Christian Oster, Le pont d’Arcueil, Minuit, pp. 102-103.

David Farreny, 14 mars 2013
bouffée

À quelle bouffée d’illusions dois-je cette dégaine exceptionnellement insouciante aujourd’hui ? J’ai la déconcertante impression d’être un autre.

Jean-Luc Sarré, Ainsi les jours, Le Bruit du temps, p. 167.

David Farreny, 30 juin 2014
saison

L’été n’est pas une saison vivante mais une saison vécue.

Dominique de Roux, Immédiatement, La Table ronde, p. 236.

David Farreny, 24 août 2014
imaginer

Je n’ose imaginer ce qui me serait arrivé si je n’avais pas été là pour prendre la fuite !

Éric Chevillard, « jeudi 13 juin 2019 », L’autofictif. 🔗

David Farreny, 6 mars 2024
épuisement

Nous sommes sortis du temps infini de la lecture individuelle. Écrire dans sa propre langue, c’est d’ores et déjà se condamner, comme pour les sciences, à n’être presque pas lu ; c’est accepter la disparition de l’écrivain au sein de l’épuisement de la littérature. Rien de bien neuf, donc, sauf cet épuisement qui fait que les grands récits et les grandes métaphores sont en train d’émigrer vers d’autres supports dans lesquels la langue n’est qu’un élément parmi d’autres, désacralisé, instrumental, véhiculaire. Sur ce plan-là, écrire revient à entériner la mort des langues, à entrer dans la nuit pour y chanter comme un enfant dans le noir.

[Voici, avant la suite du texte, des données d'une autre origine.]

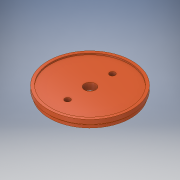
# Autodesk Inventor part: upper_thermal_barrier
Saved by Autodesk Inventor 2017 SP1 (Build 210196100, 196)
## iProperties
Created: 2016-10-21
Part Number: upper_thermal_barrier
Material: Phenolic Resin
Document SubType Name: Modeling
Designer: cflannery
Density: 1.38 g/cm^3
Appearance: Smooth - Light Orange
Author: cflannery
Autodesk Inventor part; units mm, degrees
ref_plane "YZ Plane" through (0, 0, 0) normal (1, 0, 0) x (0, 1, 0)
ref_plane "XZ Plane" through (0, 0, 0) normal (0, 1, 0) x (-1, 0, 0)
ref_plane "XY Plane" through (0, 0, 0) normal (0, 0, 1) x (1, 0, 0)
sketch "Sketch1" plane through (0, 0, 0) normal (0, 1, 0) x (-1, 0, 0)
  circle A0 centre (0, 0) radius 92.075
  dimension "d0" = 184.15
  constraints: 1 centre point, 1 coincident
  measures "d0" diameter of A0
extrude "Extrusion1" add sketch "Sketch1" along normal blind 6.35
sketch "Sketch2" plane through (0, 6.35, 0) normal (0, 1, 0) x (1, 0, 0)
  circle A0 centre (0, 0) radius 88.9
  dimension "d3" = 177.8
  constraints: 1 centre point, 1 coincident
  measures "d3" diameter of A0
extrude "Extrusion2" add sketch "Sketch2" along normal blind 3.175
sketch "Sketch3" plane through (0, 9.525, 0) normal (0, 1, 0) x (1, 0, 0)
  circle A0 centre (0, 0) radius 95.25
  dimension "d6" = 190.5
  constraints: 1 centre point, 1 coincident
  measures "d6" diameter of A0
extrude "Extrusion3" add sketch "Sketch3" along normal blind 6.35
sketch "Sketch8" plane through (0, 15.875, 0) normal (0, 1, 0) x (1, 0, 0)
  circle A0 centre (0, 0) radius 95.25
  circle A1 centre (0, 0) radius 88.9
  dimension "d33" = 177.8
  dimension "d34" = 190.5
  constraints: 2 centre point, 2 coincident
  measures "d33" diameter of A1
  measures "d34" diameter of A0
extrude "Extrusion9" add sketch "Sketch8" along normal blind 3.175
sketch "Sketch9" plane through (0, 15.875, 0) normal (0, 1, 0) x (1, 0, 0)
  circle A0 centre (0, 0) radius 12.7
  circle A1 centre (0, -50.8) radius 6.35
  circle A2 centre (0, 50.8) radius 6.35
  dimension "d37" = 12.7
  dimension "d38" = 50.8
  dimension "d39" = 50.8
  dimension "d40" = 25.4
  constraints: 3 centre point, 2 vertical alignment, 1 coincident, 1 equal radius
  measures "d37" diameter of A2
  measures "d38" distance of point (0, 0) A2.centre
  measures "d39" distance of A1.centre point (0, 0)
  measures "d40" diameter of A0
extrude "Extrusion10" cut sketch "Sketch9" against normal through all
body "Solid1"

Richard Millet, « 6 », Désenchantement de la littérature, Gallimard.

David Farreny, 7 mai 2024
avant-goût

Je ne saurais dire pourquoi l’idéal d’une vie heureuse me paraît aussi crédible et aussi rassurant que le slogan d’une « guerre propre ». Comme beaucoup j’ai le sentiment que ce monde n’est pas fait pour moi ou que je ne suis pas fait pour ce monde. Je me tourne et me retourne dans l’existence tel un insomniaque dans son lit, en proie à l’énervement et à l’hébétude. Après des moments très brefs d’euphorie que m’apportent un flirt, une étreinte, une conversation entre amis, une page de lecture ou d’écriture, que sais-je encore, je passe par de longues périodes d’abattement, encombré d’un moi bouffi et inexistant. Quand je ne regrette pas mes rendez-vous manqués avec les occasions de la vie, j’anticipe le deuil qu’il me faudra faire de mes plaisirs. De même que la fièvre altère l’arôme d’un bon vin, ma mélancolie donne un avant-goût de pourriture à ce qu’il m’est donné de savourer, et c’est bien moins l’étonnement devant ce qui arrive qui me pousse à « philosopher », que le blasement – une sorte de lancinant chagrin d’amour sans objet.

Frédéric Schiffter, Sur le blabla et le chichi des philosophes, P.U.F., p. 18.